Work request:
Scan the entries for lines with the word "that" and copy those lines.

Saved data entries
********
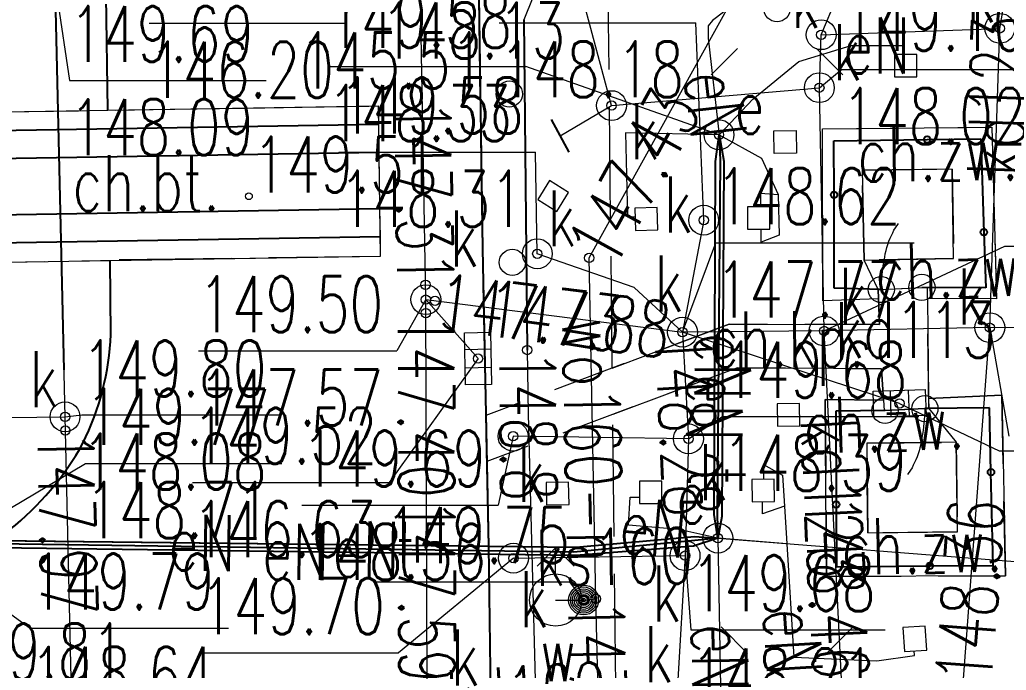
# Model space of a CAD drawing. Header units: metres. Extents: x 7583802 to 7586368, y 5958992 to 5960558.
# Drawn here: x 7585920.36 to 7585946.8, y 5959356.19 to 5959373.62 of the extents above; entities that cross this region are included whole.
import ezdxf
from ezdxf.enums import TextEntityAlignment as Align

# ---------------------------------------------------------------- set-up
doc = ezdxf.new("R2010")
doc.units = ezdxf.units.M
for name, pattern in [('1', [0]), ('3_1', [0]), ('3_14', [1, -1]), ('3_KTCR02', [3, 2, -1]), ('3_KTJZ01', [4, 3, -1]), ('3_KTKR01', [0]), ('3_KTPL01', [4, 3, -1]), ('3_KTTR01', [0]), ('4_1', [0]), ('4_SUOP03_13', [0]), ('4_SUOP03_15', [0]), ('4_SUOP03_17', [0]), ('4_SUPE_01', [0]), ('4_SUPK_01', [0]), ('4_SUPT_01', [0]), ('4_SUPW_01', [0]), ('4_SUSM04_02', [0]), ('BUF', [0])]:
    doc.linetypes.add(name, pattern=pattern)
doc.layers.get('0').update_dxf_attribs({"color": 250, "linetype": 'CONTINUOUS', "lineweight": 100})
for name, color, linetype, lineweight in [('EBTPO_L_2', 7, '1', 18), ('KTCR_E_T_1', 7, 'CONTINUOUS', 15), ('KTCR_L_1', 7, '3_KTCR02', 18), ('KTJZ_L_0', 7, '3_KTJZ01', 18), ('KTKR_L_0', 7, '3_KTKR01', 25), ('KTOK_L_3', 7, '3_1', 18), ('KTOK_L_4', 7, 'CONTINUOUS', 25), ('KTPL_L_0', 7, '3_KTPL01', 18), ('KTTR_L_0', 7, '3_KTTR01', 25), ('RTPW_T_1', 7, 'CONTINUOUS', 15), ('SUOE_L_1', 1, '4_SUOP03_13', 25), ('SUOK_L_0', 34, '4_SUOP03_15', 25), ('SUOT_L_1', 30, '4_SUOP03_17', 25), ('SUPE_E_T_3', 1, 'CONTINUOUS', 15), ('SUPE_L_3', 1, '4_SUPE_01', 18), ('SUPK_E_T_0', 34, 'CONTINUOUS', 15), ('SUPK_E_T_4', 34, 'CONTINUOUS', 15), ('SUPK_L_0', 34, '4_SUPK_01', 18), ('SUPK_L_4', 34, '4_SUPK_01', 18), ('SUPT_E_T_0', 30, 'CONTINUOUS', 15), ('SUPT_L_0', 30, '4_SUPT_01', 18), ('SUPW_E_T_0', 5, 'CONTINUOUS', 15), ('SUPW_L_0', 5, '4_SUPW_01', 18), ('SUSM_L_3', 7, '4_SUSM04_02', 18), ('SUSM_T_0', 7, 'CONTINUOUS', 18), ('SUSM_T_3', 7, 'CONTINUOUS', 18), ('SUTE_T_0', 1, 'CONTINUOUS', 18), ('SUTK_T_0', 34, 'CONTINUOUS', 18), ('SUTW_T_0', 5, 'CONTINUOUS', 18), ('SUUE_E_T_3', 7, 'CONTINUOUS', 15), ('SUUE_T_4', 7, 'CONTINUOUS', 13), ('SUUK_E_T_3', 7, 'CONTINUOUS', 15), ('SUUK_T_0', 7, 'CONTINUOUS', 18), ('SUUK_T_4', 7, 'CONTINUOUS', 13), ('SUUK_T_5', 7, 'CONTINUOUS', 25), ('SUUW_E_T_5', 7, 'CONTINUOUS', 15), ('SUUW_T_0', 7, 'CONTINUOUS', 18), ('SUUW_T_7', 7, 'CONTINUOUS', 15)]:
    doc.layers.add(name, color=color, linetype=linetype, lineweight=lineweight)
doc.styles.get("Standard").update_dxf_attribs({"font": 'Simplex.SHX', "width": 0.75})

# ---------------------------------------------------------------- blocks, each defined once
blk = doc.blocks.new('3_RTPW02')
at = {"linetype": 'CONTINUOUS'}
blk.add_circle((0, 0), 0.09, dxfattribs=at)
blk = doc.blocks.new('4_SUSM04_01')
at = {"linetype": 'CONTINUOUS'}
blk.add_circle((0, 0), 0.35, dxfattribs=at)
blk = doc.blocks.new('4_SUSM01')
at = {"linetype": 'CONTINUOUS'}
for p, q in [((-1.0607, 1.0607), (-1.7678, 1.7678)), ((1.0607, 1.0607), (1.7678, 1.7678)), ((-1.0607, -1.0607), (-1.7678, -1.7678)), ((1.0607, -1.0607), (1.7678, -1.7678))]:
    blk.add_line(p, q, dxfattribs=at)
blk.add_circle((0, 0), 0.35, dxfattribs=at)
blk = doc.blocks.new('4_SUPS01_03')
at = {"linetype": 'CONTINUOUS'}
blk.add_circle((0, 0), 0.125, dxfattribs=at)
blk = doc.blocks.new('4_SUPS01_05')
at = {"linetype": 'CONTINUOUS'}
blk.add_circle((0, 0), 0.125, dxfattribs=at)
blk = doc.blocks.new('4_SUPS01_08')
at = {"linetype": 'CONTINUOUS'}
blk.add_circle((0, 0), 0.125, dxfattribs=at)
blk = doc.blocks.new('4_SUUS22_01')
at = {"linetype": 'CONTINUOUS'}
blk.add_circle((0, 0), 0.4, dxfattribs=at)
blk = doc.blocks.new('4_SUUS05')
at = {"linetype": 'CONTINUOUS'}
for p, q in [((-0.7, -0.35), (-0.7, 0.35)), ((-0.7, 0.35), (0.7, 0.35)), ((-0.245, 0.35), (-0.245, -0.35)), ((0.245, 0.35), (0.245, -0.35)), ((0.7, 0.35), (0.7, -0.35)), ((0.7, -0.35), (-0.7, -0.35))]:
    blk.add_line(p, q, dxfattribs=at)
blk = doc.blocks.new('4_SUUS23')
at = {"linetype": 'CONTINUOUS'}
blk.add_line((0, -0.5), (0, 0.5), dxfattribs=at)
blk = doc.blocks.new('4_SUUS25')
at = {"linetype": 'CONTINUOUS'}
for radius in [0.4, 0.35, 0.3, 0.25, 0.2, 0.15, 0.1, 0.05, 0.0143]:
    blk.add_circle((0, 0), radius, dxfattribs=at)
blk = doc.blocks.new('4_SUUS02')
at = {"linetype": 'CONTINUOUS'}
for p, q in [((0, 1.4), (-0.495, 0.905)), ((0, 1.4), (0.495, 0.905)), ((0, 0.7), (0, 1.4))]:
    blk.add_line(p, q, dxfattribs=at)
blk.add_circle((0, 0), 0.7, dxfattribs=at)

msp = doc.modelspace()

# ---------------------------------------------------------------- linework, layer by layer
at = {"layer": 'EBTPO_L_2', "linetype": 'BUF', "lineweight": 18}
for p, q in [((7585919.93, 5959371.15), (7585929.96, 5959371.31)), ((7585929.96, 5959371.31), (7585930.02, 5959367.28)), ((7585930.02, 5959367.28), (7585920, 5959367.12))]:
    msp.add_line(p, q, dxfattribs=at)
at = {"layer": 'KTCR_L_1', "linetype": '3_KTCR02'}
for p, q in [((7585919.93, 5959371.15), (7585929.96, 5959371.31)), ((7585929.96, 5959371.31), (7585930.02, 5959367.28)), ((7585941.87, 5959370.7), (7585946.41, 5959370.74)), ((7585946.41, 5959370.74), (7585946.54, 5959366.14)), ((7585941.88, 5959366.09), (7585941.87, 5959370.7)), ((7585942.94, 5959369.59), (7585945.35, 5959369.62)), ((7585942.99, 5959367.18), (7585942.94, 5959369.59)), ((7585945.35, 5959369.62), (7585945.39, 5959367.22)), ((7585930.02, 5959367.28), (7585920, 5959367.12)), ((7585945.39, 5959367.22), (7585942.99, 5959367.18)), ((7585943.368, 5959366.393), (7585943.4, 5959365.45)), ((7585943.368, 5959366.393), (7585943.45, 5959366.39)), ((7585943.377, 5959366.141), (7585943.368, 5959366.393)), ((7585943.45, 5959366.39), (7585944.54, 5959366.45)), ((7585944.54, 5959366.45), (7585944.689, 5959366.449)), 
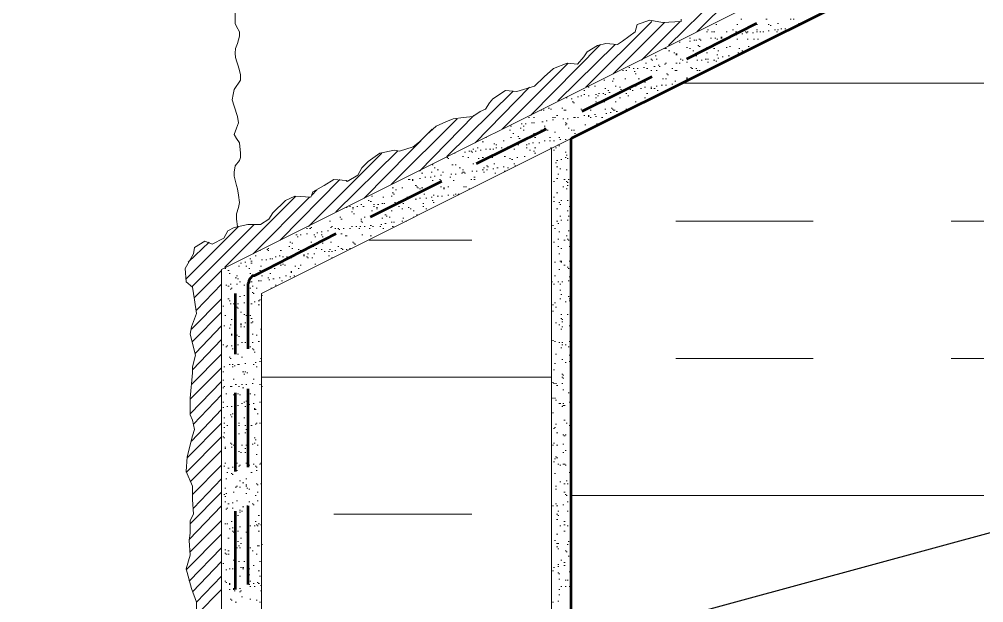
# Model space of a CAD drawing. Header units: millimetres. Extents: x 14 to 201, y 16 to 268.
# Drawn here: x 69.76 to 89.26, y 120.55 to 132.36 of the extents above; entities that cross this region are included whole.
import ezdxf

# ---------------------------------------------------------------- set-up
doc = ezdxf.new("R2010")
doc.units = ezdxf.units.MM
doc.header["$MEASUREMENT"] = 0
doc.layers.get('0').update_dxf_attribs({"linetype": 'CONTINUOUS'})

msp = doc.modelspace()

# ---------------------------------------------------------------- linework, layer by layer
at = {"color": 0, "linetype": 'Continuous', "lineweight": 15, "true_color": 0x000007}
for p, q in [((88.583, 134.662), (73.85, 127.296)), ((80.92, 129.942), (74.655, 126.809)), ((80.518, 129.752), (80.518, 114.194)), ((73.85, 111.061), (73.85, 127.296)), ((74.655, 126.809), (74.655, 111.866))]:
    msp.add_line(p, q, dxfattribs=at)
at = {"color": 0, "linetype": 'Continuous', "lineweight": 53, "true_color": 0x000007}
for p, q in [((89.26, 134.112), (80.92, 129.942)), ((84.667, 132.27), (83.248, 131.551)), ((82.55, 131.191), (81.132, 130.492)), ((80.412, 130.133), (78.994, 129.434)), ((80.92, 77.766), (80.92, 129.942)), ((78.295, 129.074), (76.856, 128.355)), ((74.38, 127), (74.38, 125.688)), ((74.126, 126.809), (74.126, 125.582)), ((74.38, 124.883), (74.38, 123.296)), ((74.126, 124.799), (74.126, 123.211)), ((74.38, 122.513), (74.38, 120.925)), ((74.126, 122.407), (74.126, 120.819))]:
    msp.add_line(p, q, dxfattribs=at)
at = {"color": 0, "linetype": 'Continuous', "lineweight": 15, "true_color": 0x656565}
for p, q in [((83.46, 132.101), (84.794, 133.435)), ((82.889, 131.826), (84.074, 132.99)), ((81.216, 130.979), (82.55, 132.313)), ((81.767, 131.254), (82.804, 132.292)), ((82.338, 131.53), (83.121, 132.313)), ((83.841, 132.249), (83.862, 132.249)), ((84.265, 132.249), (84.286, 132.249)), ((84.265, 132.249), (84.286, 132.249)), ((84.349, 132.355), (84.37, 132.355)), ((84.667, 132.249), (84.688, 132.249)), ((84.857, 132.355), (84.878, 132.355)), ((84.9, 132.249), (84.921, 132.249)), ((84.942, 132.228), (84.963, 132.228)), ((85.09, 132.27), (85.111, 132.27)), ((85.344, 132.355), (85.365, 132.355)), ((85.408, 132.355), (85.429, 132.355)), ((85.513, 132.27), (85.535, 132.27)), ((83.651, 132.101), (83.672, 132.101)), ((83.672, 132.143), (83.693, 132.143)), ((83.756, 132.101), (83.778, 132.101)), ((83.799, 132.101), (83.82, 132.101)), ((84.053, 132.101), (84.074, 132.101)), ((84.18, 132.143), (84.201, 132.143)), ((84.243, 132.101), (84.265, 132.101)), ((84.243, 132.038), (84.265, 132.038)), ((84.37, 132.059), (84.392, 132.059)), ((84.434, 132.101), (84.455, 132.101)), ((84.455, 132.08), (84.476, 132.08)), ((84.476, 132.101), (84.497, 132.101)), ((84.582, 132.08), (84.603, 132.08)), ((84.667, 132.143), (84.688, 132.143)), ((84.667, 132.101), (84.688, 132.101)), ((84.73, 132.101), (84.751, 132.101)), ((84.794, 132.101), (84.815, 132.101)), ((84.9, 132.122), (84.921, 132.122)), ((85.027, 132.143), (85.048, 132.143)), ((85.069, 132.101), (85.09, 132.101)), ((85.09, 132.143), (85.111, 132.143)), ((85.154, 132.165), (85.175, 132.165)), ((85.238, 132.165), (85.259, 132.165)), ((85.238, 132.101), (85.259, 132.101)), ((80.095, 130.408), (81.513, 131.847)), ((80.645, 130.704), (81.809, 131.847)), ((83.1, 131.889), (83.121, 131.889)), ((83.312, 131.974), (83.333, 131.974)), ((83.312, 131.911), (83.333, 131.911)), ((83.397, 131.932), (83.418, 131.932)), ((83.439, 131.932), (83.46, 131.932)), ((83.502, 131.953), (83.524, 131.953)), ((83.524, 131.932), (83.545, 131.932)), ((83.735, 131.974), (83.756, 131.974)), ((83.82, 131.974), (83.841, 131.974)), ((83.862, 131.953), (83.883, 131.953)), ((83.947, 131.995), (83.968, 131.995)), ((83.947, 131.974), (83.968, 131.974)), ((83.989, 131.953), (84.01, 131.953)), ((83.989, 131.932), (84.01, 131.932)), ((84.159, 132.016), (84.18, 132.016)), ((84.265, 131.953), (84.286, 131.953)), ((84.476, 131.953), (84.497, 131.953)), ((84.603, 131.953), (84.624, 131.953)), ((84.688, 131.953), (84.709, 131.953)), ((82.804, 131.762), (82.825, 131.762)), ((82.825, 131.762), (82.846, 131.762)), ((82.889, 131.72), (82.91, 131.72)), ((82.994, 131.678), (83.016, 131.678)), ((83.037, 131.657), (83.058, 131.657)), ((83.248, 131.784), (83.27, 131.784)), ((83.312, 131.762), (83.333, 131.762)), ((83.375, 131.72), (83.397, 131.72)), ((83.481, 131.826), (83.502, 131.826)), ((83.502, 131.805), (83.524, 131.805)), ((83.651, 131.784), (83.672, 131.784)), ((83.651, 131.678), (83.672, 131.678)), ((83.799, 131.762), (83.82, 131.762)), ((83.883, 131.72), (83.905, 131.72)), ((84.053, 131.784), (84.074, 131.784)), ((84.116, 131.805), (84.138, 131.805)), ((84.286, 131.678), (84.307, 131.678)), ((84.307, 131.762), (84.328, 131.762)), ((84.37, 131.72), (84.392, 131.72)), ((84.497, 131.805), (84.519, 131.805)), ((79.523, 130.133), (80.857, 131.466)), ((82.423, 131.466), (82.444, 131.466)), ((82.529, 131.551), (82.55, 131.551)), ((82.55, 131.53), (82.571, 131.53)), ((82.613, 131.614), (82.635, 131.614)), ((82.635, 131.551), (82.656, 131.551)), ((82.804, 131.445), (82.825, 131.445)), ((82.825, 131.466), (82.846, 131.466)), ((83.037, 131.636), (83.058, 131.636)), ((83.037, 131.466), (83.058, 131.466)), ((83.1, 131.466), (83.121, 131.466)), ((83.121, 131.551), (83.143, 131.551)), ((83.164, 131.53), (83.185, 131.53)), ((83.248, 131.487), (83.27, 131.487)), ((83.248, 131.487), (83.27, 131.487)), ((83.439, 131.614), (83.46, 131.614)), ((83.46, 131.53), (83.481, 131.53)), ((83.545, 131.53), (83.566, 131.53)), ((83.629, 131.551), (83.651, 131.551)), ((83.672, 131.551), (83.693, 131.551)), ((83.672, 131.487), (83.693, 131.487)), ((83.799, 131.53), (83.82, 131.53)), ((83.841, 131.508), (83.862, 131.508)), ((83.862, 131.636), (83.883, 131.636)), ((83.883, 131.572), (83.905, 131.572)), ((83.968, 131.593), (83.989, 131.593)), ((84.095, 131.614), (84.116, 131.614)), ((84.116, 131.551), (84.138, 131.551)), ((84.286, 131.636), (84.307, 131.636)), ((84.307, 131.636), (84.328, 131.636)), ((81.957, 131.318), (81.979, 131.318)), ((82.021, 131.318), (82.042, 131.318)), ((82.084, 131.382), (82.106, 131.382)), ((82.169, 131.36), (82.19, 131.36)), ((82.19, 131.297), (82.211, 131.297)), ((82.211, 131.254), (82.233, 131.254)), ((82.254, 131.36), (82.275, 131.36)), ((82.381, 131.382), (82.402, 131.382)), ((82.444, 131.36), (82.465, 131.36)), ((82.529, 131.318), (82.55, 131.318)), ((82.592, 131.403), (82.613, 131.403)), ((82.635, 131.318), (82.656, 131.318)), ((82.677, 131.424), (82.698, 131.424)), ((82.698, 131.403), (82.719, 131.403)), ((82.846, 131.254), (82.867, 131.254)), ((82.952, 131.36), (82.973, 131.36)), ((83.016, 131.318), (83.037, 131.318)), ((83.037, 131.318), (83.058, 131.318)), ((83.333, 131.382), (83.354, 131.382)), ((83.354, 131.36), (83.375, 131.36)), ((83.439, 131.36), (83.46, 131.36)), ((83.46, 131.318), (83.481, 131.318)), ((83.502, 131.318), (83.524, 131.318)), ((81.576, 131.127), (81.598, 131.127)), ((81.746, 131.106), (81.767, 131.106)), ((81.767, 131.149), (81.788, 131.149)), ((82, 131.149), (82.021, 131.149)), ((82.275, 131.149), (82.296, 131.149)), ((82.381, 131.106), (82.402, 131.106)), ((82.402, 131.085), (82.423, 131.085)), ((82.423, 131.149), (82.444, 131.149)), ((82.762, 131.149), (82.783, 131.149)), ((82.825, 131.149), (82.846, 131.149)), ((82.867, 131.233), (82.889, 131.233)), ((83.016, 131.106), (83.037, 131.106)), ((83.143, 131.064), (89.26, 131.064)), ((83.164, 131.064), (83.185, 131.064)), ((83.248, 131.17), (83.27, 131.17)), ((83.248, 131.149), (83.27, 131.149)), ((83.502, 131.233), (83.524, 131.233)), ((78.401, 129.582), (79.735, 130.895)), ((78.973, 129.857), (80.073, 130.979)), ((81.174, 130.916), (81.195, 130.916)), ((81.259, 130.979), (81.28, 130.979)), ((81.386, 131), (81.407, 131)), ((81.598, 130.958), (81.619, 130.958)), ((81.661, 130.916), (81.682, 130.916)), ((81.682, 130.874), (81.703, 130.874)), ((81.809, 131), (81.83, 131)), ((81.894, 130.979), (81.915, 130.979)), ((81.894, 130.895), (81.915, 130.895)), ((81.915, 130.937), (81.936, 130.937)), ((81.979, 130.916), (82, 130.916)), ((82.084, 130.958), (82.106, 130.958)), ((82.106, 130.937), (82.127, 130.937)), ((82.148, 130.916), (82.169, 130.916)), ((82.211, 131), (82.233, 131)), ((82.317, 130.958), (82.338, 130.958)), ((82.402, 130.979), (82.423, 130.979)), ((82.529, 130.979), (82.55, 130.979)), ((82.529, 130.958), (82.55, 130.958)), ((82.592, 130.958), (82.613, 130.958)), ((82.635, 131), (82.656, 131)), ((82.656, 130.916), (82.677, 130.916)), ((82.74, 131.022), (82.762, 131.022)), ((82.825, 131.022), (82.846, 131.022)), ((82.952, 131.043), (82.973, 131.043)), ((83.058, 131.022), (83.079, 131.022)), ((80.814, 130.768), (80.835, 130.768)), ((80.92, 130.746), (80.941, 130.746)), ((80.941, 130.683), (80.963, 130.683)), ((81.047, 130.789), (81.068, 130.789)), ((81.111, 130.81), (81.132, 130.81)), ((81.174, 130.831), (81.195, 130.831)), ((81.259, 130.81), (81.28, 130.81)), ((81.407, 130.831), (81.428, 130.831)), ((81.407, 130.768), (81.428, 130.768)), ((81.407, 130.683), (81.428, 130.683)), ((81.449, 130.81), (81.471, 130.81)), ((81.471, 130.852), (81.492, 130.852)), ((81.555, 130.852), (81.576, 130.852)), ((81.576, 130.683), (81.598, 130.683)), ((81.598, 130.831), (81.619, 130.831)), ((81.809, 130.683), (81.83, 130.683)), ((81.894, 130.768), (81.915, 130.768)), ((82.021, 130.852), (82.042, 130.852)), ((82.063, 130.81), (82.084, 130.81)), ((82.211, 130.683), (82.233, 130.683)), ((82.211, 130.683), (82.233, 130.683)), ((82.402, 130.768), (82.423, 130.768)), ((82.444, 130.852), (82.465, 130.852)), ((80.306, 130.514), (80.327, 130.514)), ((80.349, 130.514), (80.37, 130.514)), ((80.454, 130.556), (80.476, 130.556)), ((80.497, 130.535), (80.518, 130.535)), ((80.73, 130.556), (80.751, 130.556)), ((80.772, 130.514), (80.793, 130.514)), ((80.793, 130.514), (80.814, 130.514)), ((80.963, 130.662), (80.984, 130.662)), ((80.963, 130.662), (80.984, 130.662)), ((81.111, 130.535), (81.132, 130.535)), ((81.195, 130.535), (81.216, 130.535)), ((81.238, 130.556), (81.259, 130.556)), ((81.301, 130.514), (81.322, 130.514)), ((81.598, 130.535), (81.619, 130.535)), ((81.703, 130.471), (81.725, 130.471)), ((81.725, 130.556), (81.746, 130.556)), ((81.746, 130.535), (81.767, 130.535)), ((81.767, 130.514), (81.788, 130.514)), ((81.788, 130.514), (81.809, 130.514)), ((81.83, 130.492), (81.852, 130.492)), ((82.021, 130.535), (82.042, 130.535)), ((82.042, 130.514), (82.063, 130.514)), ((82.254, 130.641), (82.275, 130.641)), ((77.279, 129.011), (78.613, 130.344)), ((77.851, 129.286), (78.952, 130.408)), ((80.052, 130.366), (80.073, 130.366)), ((80.158, 130.366), (80.179, 130.366)), ((80.327, 130.281), (80.349, 130.281)), ((80.412, 130.302), (80.433, 130.302)), ((80.539, 130.366), (80.56, 130.366)), ((80.539, 130.323), (80.56, 130.323)), ((80.581, 130.366), (80.603, 130.366)), ((80.624, 130.408), (80.645, 130.408)), ((80.751, 130.344), (80.772, 130.344)), ((80.835, 130.344), (80.857, 130.344)), ((80.963, 130.366), (80.984, 130.366)), ((80.984, 130.366), (81.005, 130.366)), ((81.047, 130.366), (81.068, 130.366)), ((81.174, 130.408), (81.195, 130.408)), ((81.259, 130.408), (81.28, 130.408)), ((81.259, 130.387), (81.28, 130.387)), ((81.301, 130.366), (81.322, 130.366)), ((81.386, 130.429), (81.407, 130.429)), ((81.407, 130.387), (81.428, 130.387)), ((81.534, 130.366), (81.555, 130.366)), ((81.619, 130.45), (81.64, 130.45)), ((76.729, 128.736), (78.105, 130.133)), ((79.671, 130.112), (79.692, 130.112)), ((79.692, 130.196), (79.714, 130.196)), ((79.883, 130.154), (79.904, 130.154)), ((79.904, 130.238), (79.925, 130.238)), ((79.946, 130.196), (79.968, 130.196)), ((79.946, 130.112), (79.968, 130.112)), ((79.989, 130.238), (80.01, 130.238)), ((80.116, 130.26), (80.137, 130.26)), ((80.158, 130.26), (80.179, 130.26)), ((80.306, 130.112), (80.327, 130.112)), ((80.349, 130.09), (80.37, 130.09)), ((80.37, 130.196), (80.391, 130.196)), ((80.37, 130.154), (80.391, 130.154)), ((80.433, 130.112), (80.454, 130.112)), ((80.793, 130.26), (80.814, 130.26)), ((80.793, 130.217), (80.814, 130.217)), ((80.814, 130.238), (80.835, 130.238)), ((80.857, 130.154), (80.878, 130.154)), ((80.92, 130.112), (80.941, 130.112)), ((80.963, 130.112), (80.984, 130.112)), ((81.195, 130.217), (81.216, 130.217)), ((81.428, 130.238), (81.449, 130.238)), ((79.185, 129.963), (79.206, 129.963)), ((79.544, 129.9), (79.565, 129.9)), ((79.692, 129.963), (79.714, 129.963)), ((79.735, 130.048), (79.756, 130.048)), ((79.841, 129.984), (79.862, 129.984)), ((79.862, 129.942), (79.883, 129.942)), ((79.968, 129.9), (79.989, 129.9)), ((80.158, 130.048), (80.179, 130.048)), ((80.179, 129.963), (80.2, 129.963)), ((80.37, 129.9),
********
Response:
# Drawn here: x 7585920.36 to 7585946.8, y 5959356.19 to 5959373.62 of the extents above; entities that cross this region are included whole.
# Drawn here: x 69.76 to 89.26, y 120.55 to 132.36 of the extents above; entities that cross this region are included whole.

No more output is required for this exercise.